> Try it
Where a line in the listing contains the string "mechanical", copy that line out.

> Records for processing
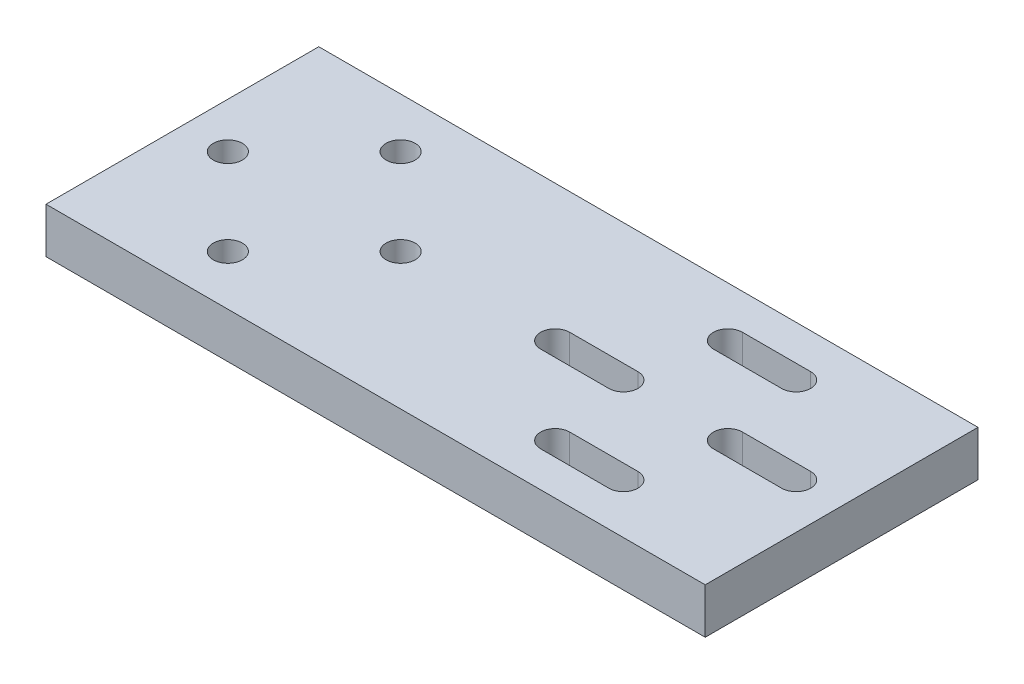
ISO-10303-21;
HEADER;
FILE_DESCRIPTION(('STEP AP214'),'2;1');
FILE_NAME('part.step','',(''),(''),'','','');
FILE_SCHEMA(('AUTOMOTIVE_DESIGN { 1 0 10303 214 1 1 1 1 }'));
ENDSEC;
DATA;
#1=APPLICATION_CONTEXT('core data for automotive mechanical design processes');
#2=APPLICATION_PROTOCOL_DEFINITION('international standard','automotive_design',2000,#1);
#3=PRODUCT_CONTEXT('',#1,'mechanical');
#4=PRODUCT('Part','Part','',(#3));
#5=PRODUCT_RELATED_PRODUCT_CATEGORY('part','',(#4));
#6=PRODUCT_DEFINITION_FORMATION('','',#4);
#7=PRODUCT_DEFINITION_CONTEXT('part definition',#1,'design');
#8=PRODUCT_DEFINITION('design','',#6,#7);
#9=PRODUCT_DEFINITION_SHAPE('','',#8);
#10=(LENGTH_UNIT() NAMED_UNIT(*) SI_UNIT(.MILLI.,.METRE.));
#11=(NAMED_UNIT(*) PLANE_ANGLE_UNIT() SI_UNIT($,.RADIAN.));
#12=(NAMED_UNIT(*) SI_UNIT($,.STERADIAN.) SOLID_ANGLE_UNIT());
#13=UNCERTAINTY_MEASURE_WITH_UNIT(LENGTH_MEASURE(1.E-05),#10,'distance_accuracy_value','');
#14=(GEOMETRIC_REPRESENTATION_CONTEXT(3) GLOBAL_UNCERTAINTY_ASSIGNED_CONTEXT((#13)) GLOBAL_UNIT_ASSIGNED_CONTEXT((#10,
#11,#12)) REPRESENTATION_CONTEXT('',''));
#15=CARTESIAN_POINT('',(0.,0.,0.));
#16=DIRECTION('',(0.,0.,1.));
#17=DIRECTION('',(1.,0.,0.));
#18=AXIS2_PLACEMENT_3D('',#15,#16,#17);
#19=CARTESIAN_POINT('',(18.,0.,9.5));
#20=DIRECTION('',(0.,1.,0.));
#21=DIRECTION('',(0.,0.,1.));
#22=AXIS2_PLACEMENT_3D('',#19,#20,#21);
#23=CYLINDRICAL_SURFACE('',#22,1.6);
#24=DIRECTION('',(0.,1.,0.));
#25=VECTOR('',#24,1.);
#26=CARTESIAN_POINT('',(18.,0.,7.9));
#27=LINE('',#26,#25);
#28=CARTESIAN_POINT('',(18.,5.,7.9));
#29=VERTEX_POINT('',#28);
#30=CARTESIAN_POINT('',(18.,0.,7.9));
#31=VERTEX_POINT('',#30);
#32=EDGE_CURVE('E268',#29,#31,#27,.F.);
#33=ORIENTED_EDGE('',*,*,#32,.F.);
#34=CARTESIAN_POINT('',(18.,5.,9.5));
#35=DIRECTION('',(0.,1.,0.));
#36=DIRECTION('',(0.,0.,-1.));
#37=AXIS2_PLACEMENT_3D('',#34,#35,#36);
#38=CIRCLE('',#37,1.6);
#39=CARTESIAN_POINT('',(18.,5.,11.1));
#40=VERTEX_POINT('',#39);
#41=EDGE_CURVE('E197',#29,#40,#38,.T.);
#42=ORIENTED_EDGE('',*,*,#41,.T.);
#43=DIRECTION('',(0.,1.,0.));
#44=VECTOR('',#43,1.);
#45=CARTESIAN_POINT('',(18.,0.,11.1));
#46=LINE('',#45,#44);
#47=CARTESIAN_POINT('',(18.,0.,11.1));
#48=VERTEX_POINT('',#47);
#49=EDGE_CURVE('E266',#40,#48,#46,.F.);
#50=ORIENTED_EDGE('',*,*,#49,.T.);
#51=CARTESIAN_POINT('',(18.,0.,9.5));
#52=DIRECTION('',(0.,1.,0.));
#53=DIRECTION('',(0.,0.,-1.));
#54=AXIS2_PLACEMENT_3D('',#51,#52,#53);
#55=CIRCLE('',#54,1.6);
#56=EDGE_CURVE('E232',#31,#48,#55,.T.);
#57=ORIENTED_EDGE('',*,*,#56,.F.);
#58=EDGE_LOOP('',(#33,#42,#50,#57));
#59=FACE_BOUND('',#58,.T.);
#60=ADVANCED_FACE('F33',(#59),#23,.F.);
#61=CARTESIAN_POINT('',(27.5,0.,0.));
#62=DIRECTION('',(0.,1.,0.));
#63=DIRECTION('',(0.,0.,1.));
#64=AXIS2_PLACEMENT_3D('',#61,#62,#63);
#65=CYLINDRICAL_SURFACE('',#64,1.6);
#66=DIRECTION('',(0.,1.,0.));
#67=VECTOR('',#66,1.);
#68=CARTESIAN_POINT('',(27.5,0.,-1.6));
#69=LINE('',#68,#67);
#70=CARTESIAN_POINT('',(27.5,5.,-1.6));
#71=VERTEX_POINT('',#70);
#72=CARTESIAN_POINT('',(27.5,0.,-1.6));
#73=VERTEX_POINT('',#72);
#74=EDGE_CURVE('E179',#71,#73,#69,.F.);
#75=ORIENTED_EDGE('',*,*,#74,.F.);
#76=CARTESIAN_POINT('',(27.5,5.,0.));
#77=DIRECTION('',(0.,1.,0.));
#78=DIRECTION('',(0.,0.,-1.));
#79=AXIS2_PLACEMENT_3D('',#76,#77,#78);
#80=CIRCLE('',#79,1.6);
#81=CARTESIAN_POINT('',(27.5,5.,1.6));
#82=VERTEX_POINT('',#81);
#83=EDGE_CURVE('E187',#71,#82,#80,.T.);
#84=ORIENTED_EDGE('',*,*,#83,.T.);
#85=DIRECTION('',(0.,1.,0.));
#86=VECTOR('',#85,1.);
#87=CARTESIAN_POINT('',(27.5,0.,1.6));
#88=LINE('',#87,#86);
#89=CARTESIAN_POINT('',(27.5,0.,1.6));
#90=VERTEX_POINT('',#89);
#91=EDGE_CURVE('E170',#82,#90,#88,.F.);
#92=ORIENTED_EDGE('',*,*,#91,.T.);
#93=CARTESIAN_POINT('',(27.5,0.,0.));
#94=DIRECTION('',(0.,1.,0.));
#95=DIRECTION('',(0.,0.,-1.));
#96=AXIS2_PLACEMENT_3D('',#93,#94,#95);
#97=CIRCLE('',#96,1.6);
#98=EDGE_CURVE('E194',#73,#90,#97,.T.);
#99=ORIENTED_EDGE('',*,*,#98,.F.);
#100=EDGE_LOOP('',(#75,#84,#92,#99));
#101=FACE_BOUND('',#100,.T.);
#102=ADVANCED_FACE('F193',(#101),#65,.F.);
#103=CARTESIAN_POINT('',(18.,0.,-9.5));
#104=DIRECTION('',(0.,1.,0.));
#105=DIRECTION('',(0.,0.,1.));
#106=AXIS2_PLACEMENT_3D('',#103,#104,#105);
#107=CYLINDRICAL_SURFACE('',#106,1.6);
#108=DIRECTION('',(0.,1.,0.));
#109=VECTOR('',#108,1.);
#110=CARTESIAN_POINT('',(18.,0.,-11.1));
#111=LINE('',#110,#109);
#112=CARTESIAN_POINT('',(18.,5.,-11.1));
#113=VERTEX_POINT('',#112);
#114=CARTESIAN_POINT('',(18.,0.,-11.1));
#115=VERTEX_POINT('',#114);
#116=EDGE_CURVE('E180',#113,#115,#111,.F.);
#117=ORIENTED_EDGE('',*,*,#116,.F.);
#118=CARTESIAN_POINT('',(18.,5.,-9.5));
#119=DIRECTION('',(0.,1.,0.));
#120=DIRECTION('',(0.,0.,-1.));
#121=AXIS2_PLACEMENT_3D('',#118,#119,#120);
#122=CIRCLE('',#121,1.6);
#123=CARTESIAN_POINT('',(18.,5.,-7.9));
#124=VERTEX_POINT('',#123);
#125=EDGE_CURVE('E200',#113,#124,#122,.T.);
#126=ORIENTED_EDGE('',*,*,#125,.T.);
#127=DIRECTION('',(0.,1.,0.));
#128=VECTOR('',#127,1.);
#129=CARTESIAN_POINT('',(18.,0.,-7.9));
#130=LINE('',#129,#128);
#131=CARTESIAN_POINT('',(18.,0.,-7.9));
#132=VERTEX_POINT('',#131);
#133=EDGE_CURVE('E261',#124,#132,#130,.F.);
#134=ORIENTED_EDGE('',*,*,#133,.T.);
#135=CARTESIAN_POINT('',(18.,0.,-9.5));
#136=DIRECTION('',(0.,1.,0.));
#137=DIRECTION('',(0.,0.,-1.));
#138=AXIS2_PLACEMENT_3D('',#135,#136,#137);
#139=CIRCLE('',#138,1.6);
#140=EDGE_CURVE('E195',#115,#132,#139,.T.);
#141=ORIENTED_EDGE('',*,*,#140,.F.);
#142=EDGE_LOOP('',(#117,#126,#134,#141));
#143=FACE_BOUND('',#142,.T.);
#144=ADVANCED_FACE('F399',(#143),#107,.F.);
#145=CARTESIAN_POINT('',(8.5,0.,0.));
#146=DIRECTION('',(0.,1.,0.));
#147=DIRECTION('',(0.,0.,1.));
#148=AXIS2_PLACEMENT_3D('',#145,#146,#147);
#149=CYLINDRICAL_SURFACE('',#148,1.6);
#150=DIRECTION('',(0.,1.,0.));
#151=VECTOR('',#150,1.);
#152=CARTESIAN_POINT('',(8.5,0.,-1.6));
#153=LINE('',#152,#151);
#154=CARTESIAN_POINT('',(8.5,5.,-1.6));
#155=VERTEX_POINT('',#154);
#156=CARTESIAN_POINT('',(8.5,0.,-1.6));
#157=VERTEX_POINT('',#156);
#158=EDGE_CURVE('E259',#155,#157,#153,.F.);
#159=ORIENTED_EDGE('',*,*,#158,.F.);
#160=CARTESIAN_POINT('',(8.5,5.,0.));
#161=DIRECTION('',(0.,1.,0.));
#162=DIRECTION('',(0.,0.,-1.));
#163=AXIS2_PLACEMENT_3D('',#160,#161,#162);
#164=CIRCLE('',#163,1.6);
#165=CARTESIAN_POINT('',(8.5,5.,1.6));
#166=VERTEX_POINT('',#165);
#167=EDGE_CURVE('E209',#155,#166,#164,.T.);
#168=ORIENTED_EDGE('',*,*,#167,.T.);
#169=DIRECTION('',(0.,1.,0.));
#170=VECTOR('',#169,1.);
#171=CARTESIAN_POINT('',(8.5,0.,1.6));
#172=LINE('',#171,#170);
#173=CARTESIAN_POINT('',(8.5,0.,1.6));
#174=VERTEX_POINT('',#173);
#175=EDGE_CURVE('E256',#166,#174,#172,.F.);
#176=ORIENTED_EDGE('',*,*,#175,.T.);
#177=CARTESIAN_POINT('',(8.5,0.,0.));
#178=DIRECTION('',(0.,1.,0.));
#179=DIRECTION('',(0.,0.,-1.));
#180=AXIS2_PLACEMENT_3D('',#177,#178,#179);
#181=CIRCLE('',#180,1.6);
#182=EDGE_CURVE('E206',#157,#174,#181,.T.);
#183=ORIENTED_EDGE('',*,*,#182,.F.);
#184=EDGE_LOOP('',(#159,#168,#176,#183));
#185=FACE_BOUND('',#184,.T.);
#186=ADVANCED_FACE('F392',(#185),#149,.F.);
#187=CARTESIAN_POINT('',(-32.5,5.,-15.));
#188=DIRECTION('',(0.,0.,1.));
#189=DIRECTION('',(1.,0.,0.));
#190=AXIS2_PLACEMENT_3D('',#187,#188,#189);
#191=PLANE('',#190);
#192=DIRECTION('',(-1.,0.,0.));
#193=VECTOR('',#192,1.);
#194=CARTESIAN_POINT('',(-32.5,0.,-15.));
#195=LINE('',#194,#193);
#196=CARTESIAN_POINT('',(40.,0.,-15.));
#197=VERTEX_POINT('',#196);
#198=CARTESIAN_POINT('',(-32.5,0.,-15.));
#199=VERTEX_POINT('',#198);
#200=EDGE_CURVE('E245',#197,#199,#195,.T.);
#201=ORIENTED_EDGE('',*,*,#200,.T.);
#202=DIRECTION('',(0.,-1.,0.));
#203=VECTOR('',#202,1.);
#204=CARTESIAN_POINT('',(-32.5,5.,-15.));
#205=LINE('',#204,#203);
#206=CARTESIAN_POINT('',(-32.5,5.,-15.));
#207=VERTEX_POINT('',#206);
#208=EDGE_CURVE('E253',#207,#199,#205,.T.);
#209=ORIENTED_EDGE('',*,*,#208,.F.);
#210=DIRECTION('',(-1.,0.,0.));
#211=VECTOR('',#210,1.);
#212=CARTESIAN_POINT('',(-32.5,5.,-15.));
#213=LINE('',#212,#211);
#214=CARTESIAN_POINT('',(40.,5.,-15.));
#215=VERTEX_POINT('',#214);
#216=EDGE_CURVE('E237',#215,#207,#213,.T.);
#217=ORIENTED_EDGE('',*,*,#216,.F.);
#218=DIRECTION('',(0.,1.,0.));
#219=VECTOR('',#218,1.);
#220=CARTESIAN_POINT('',(40.,0.,-15.));
#221=LINE('',#220,#219);
#222=EDGE_CURVE('E347',#197,#215,#221,.T.);
#223=ORIENTED_EDGE('',*,*,#222,.F.);
#224=EDGE_LOOP('',(#201,#209,#217,#223));
#225=FACE_BOUND('',#224,.T.);
#226=ADVANCED_FACE('F35',(#225),#191,.F.);
#227=CARTESIAN_POINT('',(-32.5,5.,-15.));
#228=DIRECTION('',(1.,0.,0.));
#229=DIRECTION('',(0.,0.,-1.));
#230=AXIS2_PLACEMENT_3D('',#227,#228,#229);
#231=PLANE('',#230);
#232=DIRECTION('',(0.,0.,1.));
#233=VECTOR('',#232,1.);
#234=CARTESIAN_POINT('',(-32.5,0.,-15.));
#235=LINE('',#234,#233);
#236=CARTESIAN_POINT('',(-32.5,0.,15.));
#237=VERTEX_POINT('',#236);
#238=EDGE_CURVE('E247',#199,#237,#235,.T.);
#239=ORIENTED_EDGE('',*,*,#238,.T.);
#240=DIRECTION('',(0.,-1.,0.));
#241=VECTOR('',#240,1.);
#242=CARTESIAN_POINT('',(-32.5,5.,15.));
#243=LINE('',#242,#241);
#244=CARTESIAN_POINT('',(-32.5,5.,15.));
#245=VERTEX_POINT('',#244);
#246=EDGE_CURVE('E244',#245,#237,#243,.T.);
#247=ORIENTED_EDGE('',*,*,#246,.F.);
#248=DIRECTION('',(0.,0.,1.));
#249=VECTOR('',#248,1.);
#250=CARTESIAN_POINT('',(-32.5,5.,-15.));
#251=LINE('',#250,#249);
#252=EDGE_CURVE('E239',#207,#245,#251,.T.);
#253=ORIENTED_EDGE('',*,*,#252,.F.);
#254=ORIENTED_EDGE('',*,*,#208,.T.);
#255=EDGE_LOOP('',(#239,#247,#253,#254));
#256=FACE_BOUND('',#255,.T.);
#257=ADVANCED_FACE('F385',(#256),#231,.F.);
#258=CARTESIAN_POINT('',(-32.5,5.,15.));
#259=DIRECTION('',(0.,0.,-1.));
#260=DIRECTION('',(-1.,0.,0.));
#261=AXIS2_PLACEMENT_3D('',#258,#259,#260);
#262=PLANE('',#261);
#263=DIRECTION('',(1.,0.,0.));
#264=VECTOR('',#263,1.);
#265=CARTESIAN_POINT('',(-32.5,0.,15.));
#266=LINE('',#265,#264);
#267=CARTESIAN_POINT('',(40.,0.,15.));
#268=VERTEX_POINT('',#267);
#269=EDGE_CURVE('E240',#237,#268,#266,.T.);
#270=ORIENTED_EDGE('',*,*,#269,.T.);
#271=DIRECTION('',(0.,-1.,0.));
#272=VECTOR('',#271,1.);
#273=CARTESIAN_POINT('',(40.,5.,15.));
#274=LINE('',#273,#272);
#275=CARTESIAN_POINT('',(40.,5.,15.));
#276=VERTEX_POINT('',#275);
#277=EDGE_CURVE('E341',#276,#268,#274,.T.);
#278=ORIENTED_EDGE('',*,*,#277,.F.);
#279=DIRECTION('',(1.,0.,0.));
#280=VECTOR('',#279,1.);
#281=CARTESIAN_POINT('',(-32.5,5.,15.));
#282=LINE('',#281,#280);
#283=EDGE_CURVE('E242',#245,#276,#282,.T.);
#284=ORIENTED_EDGE('',*,*,#283,.F.);
#285=ORIENTED_EDGE('',*,*,#246,.T.);
#286=EDGE_LOOP('',(#270,#278,#284,#285));
#287=FACE_BOUND('',#286,.T.);
#288=ADVANCED_FACE('F360',(#287),#262,.F.);
#289=CARTESIAN_POINT('',(0.,5.,0.));
#290=DIRECTION('',(0.,1.,0.));
#291=DIRECTION('',(0.,0.,1.));
#292=AXIS2_PLACEMENT_3D('',#289,#290,#291);
#293=PLANE('',#292);
#294=DIRECTION('',(-1.,0.,0.));
#295=VECTOR('',#294,1.);
#296=CARTESIAN_POINT('',(18.,5.,-11.1));
#297=LINE('',#296,#295);
#298=CARTESIAN_POINT('',(25.5,5.,-11.1));
#299=VERTEX_POINT('',#298);
#300=EDGE_CURVE('E304',#299,#113,#297,.T.);
#301=ORIENTED_EDGE('',*,*,#300,.F.);
#302=CARTESIAN_POINT('',(25.5,5.,-9.5));
#303=DIRECTION('',(0.,1.,0.));
#304=DIRECTION('',(0.,0.,1.));
#305=AXIS2_PLACEMENT_3D('',#302,#303,#304);
#306=CIRCLE('',#305,1.6);
#307=CARTESIAN_POINT('',(25.5,5.,-7.9));
#308=VERTEX_POINT('',#307);
#309=EDGE_CURVE('E301',#308,#299,#306,.T.);
#310=ORIENTED_EDGE('',*,*,#309,.F.);
#311=DIRECTION('',(1.,0.,0.));
#312=VECTOR('',#311,1.);
#313=CARTESIAN_POINT('',(18.,5.,-7.9));
#314=LINE('',#313,#312);
#315=EDGE_CURVE('E298',#124,#308,#314,.T.);
#316=ORIENTED_EDGE('',*,*,#315,.F.);
#317=ORIENTED_EDGE('',*,*,#125,.F.);
#318=EDGE_LOOP('',(#301,#310,#316,#317));
#319=FACE_BOUND('',#318,.T.);
#320=DIRECTION('',(-1.,0.,0.));
#321=VECTOR('',#320,1.);
#322=CARTESIAN_POINT('',(18.,5.,7.9));
#323=LINE('',#322,#321);
#324=CARTESIAN_POINT('',(25.5,5.,7.9));
#325=VERTEX_POINT('',#324);
#326=EDGE_CURVE('E292',#325,#29,#323,.T.);
#327=ORIENTED_EDGE('',*,*,#326,.F.);
#328=CARTESIAN_POINT('',(25.5,5.,9.5));
#329=DIRECTION('',(0.,1.,0.));
#330=DIRECTION('',(0.,0.,1.));
#331=AXIS2_PLACEMENT_3D('',#328,#329,#330);
#332=CIRCLE('',#331,1.6);
#333=CARTESIAN_POINT('',(25.5,5.,11.1));
#334=VERTEX_POINT('',#333);
#335=EDGE_CURVE('E295',#334,#325,#332,.T.);
#336=ORIENTED_EDGE('',*,*,#335,.F.);
#337=DIRECTION('',(1.,0.,0.));
#338=VECTOR('',#337,1.);
#339=CARTESIAN_POINT('',(18.,5.,11.1));
#340=LINE('',#339,#338);
#341=EDGE_CURVE('E290',#40,#334,#340,.T.);
#342=ORIENTED_EDGE('',*,*,#341,.F.);
#343=ORIENTED_EDGE('',*,*,#41,.F.);
#344=EDGE_LOOP('',(#327,#336,#342,#343));
#345=FACE_BOUND('',#344,.T.);
#346=DIRECTION('',(-1.,0.,0.));
#347=VECTOR('',#346,1.);
#348=CARTESIAN_POINT('',(27.5,5.,-1.6));
#349=LINE('',#348,#347);
#350=CARTESIAN_POINT('',(35.,5.,-1.6));
#351=VERTEX_POINT('',#350);
#352=EDGE_CURVE('E423',#351,#71,#349,.T.);
#353=ORIENTED_EDGE('',*,*,#352,.F.);
#354=CARTESIAN_POINT('',(35.,5.,0.));
#355=DIRECTION('',(0.,1.,0.));
#356=DIRECTION('',(0.,0.,1.));
#357=AXIS2_PLACEMENT_3D('',#354,#355,#356);
#358=CIRCLE('',#357,1.6);
#359=CARTESIAN_POINT('',(35.,5.,1.6));
#360=VERTEX_POINT('',#359);
#361=EDGE_CURVE('E189',#360,#351,#358,.T.);
#362=ORIENTED_EDGE('',*,*,#361,.F.);
#363=DIRECTION('',(1.,0.,0.));
#364=VECTOR('',#363,1.);
#365=CARTESIAN_POINT('',(27.5,5.,1.6));
#366=LINE('',#365,#364);
#367=EDGE_CURVE('E173',#82,#360,#366,.T.);
#368=ORIENTED_EDGE('',*,*,#367,.F.);
#369=ORIENTED_EDGE('',*,*,#83,.F.);
#370=EDGE_LOOP('',(#353,#362,#368,#369));
#371=FACE_BOUND('',#370,.T.);
#372=DIRECTION('',(-1.,0.,0.));
#373=VECTOR('',#372,1.);
#374=CARTESIAN_POINT('',(8.5,5.,-1.6));
#375=LINE('',#374,#373);
#376=CARTESIAN_POINT('',(16.,5.,-1.6));
#377=VERTEX_POINT('',#376);
#378=EDGE_CURVE('E317',#377,#155,#375,.T.);
#379=ORIENTED_EDGE('',*,*,#378,.F.);
#380=CARTESIAN_POINT('',(16.,5.,0.));
#381=DIRECTION('',(0.,1.,0.));
#382=DIRECTION('',(0.,0.,1.));
#383=AXIS2_PLACEMENT_3D('',#380,#381,#382);
#384=CIRCLE('',#383,1.6);
#385=CARTESIAN_POINT('',(16.,5.,1.6));
#386=VERTEX_POINT('',#385);
#387=EDGE_CURVE('E313',#386,#377,#384,.T.);
#388=ORIENTED_EDGE('',*,*,#387,.F.);
#389=DIRECTION('',(1.,0.,0.));
#390=VECTOR('',#389,1.);
#391=CARTESIAN_POINT('',(8.5,5.,1.6));
#392=LINE('',#391,#390);
#393=EDGE_CURVE('E310',#166,#386,#392,.T.);
#394=ORIENTED_EDGE('',*,*,#393,.F.);
#395=ORIENTED_EDGE('',*,*,#167,.F.);
#396=EDGE_LOOP('',(#379,#388,#394,#395));
#397=FACE_BOUND('',#396,.T.);
#398=CARTESIAN_POINT('',(-27.5,5.,0.));
#399=DIRECTION('',(0.,1.,0.));
#400=DIRECTION('',(0.,0.,1.));
#401=AXIS2_PLACEMENT_3D('',#398,#399,#400);
#402=CIRCLE('',#401,1.6);
#403=CARTESIAN_POINT('',(-27.5,5.,1.6));
#404=VERTEX_POINT('',#403);
#405=EDGE_CURVE('E216',#404,#404,#402,.T.);
#406=ORIENTED_EDGE('',*,*,#405,.F.);
#407=EDGE_LOOP('',(#406));
#408=FACE_BOUND('',#407,.T.);
#409=CARTESIAN_POINT('',(-18.,5.,9.5));
#410=DIRECTION('',(0.,1.,0.));
#411=DIRECTION('',(0.,0.,1.));
#412=AXIS2_PLACEMENT_3D('',#409,#410,#411);
#413=CIRCLE('',#412,1.6);
#414=CARTESIAN_POINT('',(-18.,5.,11.1));
#415=VERTEX_POINT('',#414);
#416=EDGE_CURVE('E229',#415,#415,#413,.T.);
#417=ORIENTED_EDGE('',*,*,#416,.F.);
#418=EDGE_LOOP('',(#417));
#419=FACE_BOUND('',#418,.T.);
#420=CARTESIAN_POINT('',(-8.5,5.,0.));
#421=DIRECTION('',(0.,1.,0.));
#422=DIRECTION('',(0.,0.,1.));
#423=AXIS2_PLACEMENT_3D('',#420,#421,#422);
#424=CIRCLE('',#423,1.6);
#425=CARTESIAN_POINT('',(-8.5,5.,1.6));
#426=VERTEX_POINT('',#425);
#427=EDGE_CURVE('E223',#426,#426,#424,.T.);
#428=ORIENTED_EDGE('',*,*,#427,.F.);
#429=EDGE_LOOP('',(#428));
#430=FACE_BOUND('',#429,.T.);
#431=CARTESIAN_POINT('',(-18.,5.,-9.5));
#432=DIRECTION('',(0.,1.,0.));
#433=DIRECTION('',(0.,0.,1.));
#434=AXIS2_PLACEMENT_3D('',#431,#432,#433);
#435=CIRCLE('',#434,1.6);
#436=CARTESIAN_POINT('',(-18.,5.,-7.9));
#437=VERTEX_POINT('',#436);
#438=EDGE_CURVE('E217',#437,#437,#435,.T.);
#439=ORIENTED_EDGE('',*,*,#438,.F.);
#440=EDGE_LOOP('',(#439));
#441=FACE_BOUND('',#440,.T.);
#442=ORIENTED_EDGE('',*,*,#283,.T.);
#443=DIRECTION('',(0.,0.,1.));
#444=VECTOR('',#443,1.);
#445=CARTESIAN_POINT('',(40.,5.,-15.));
#446=LINE('',#445,#444);
#447=EDGE_CURVE('E212',#215,#276,#446,.T.);
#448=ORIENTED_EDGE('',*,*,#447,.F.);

> Result
#1=APPLICATION_CONTEXT('core data for automotive mechanical design processes');
#3=PRODUCT_CONTEXT('',#1,'mechanical');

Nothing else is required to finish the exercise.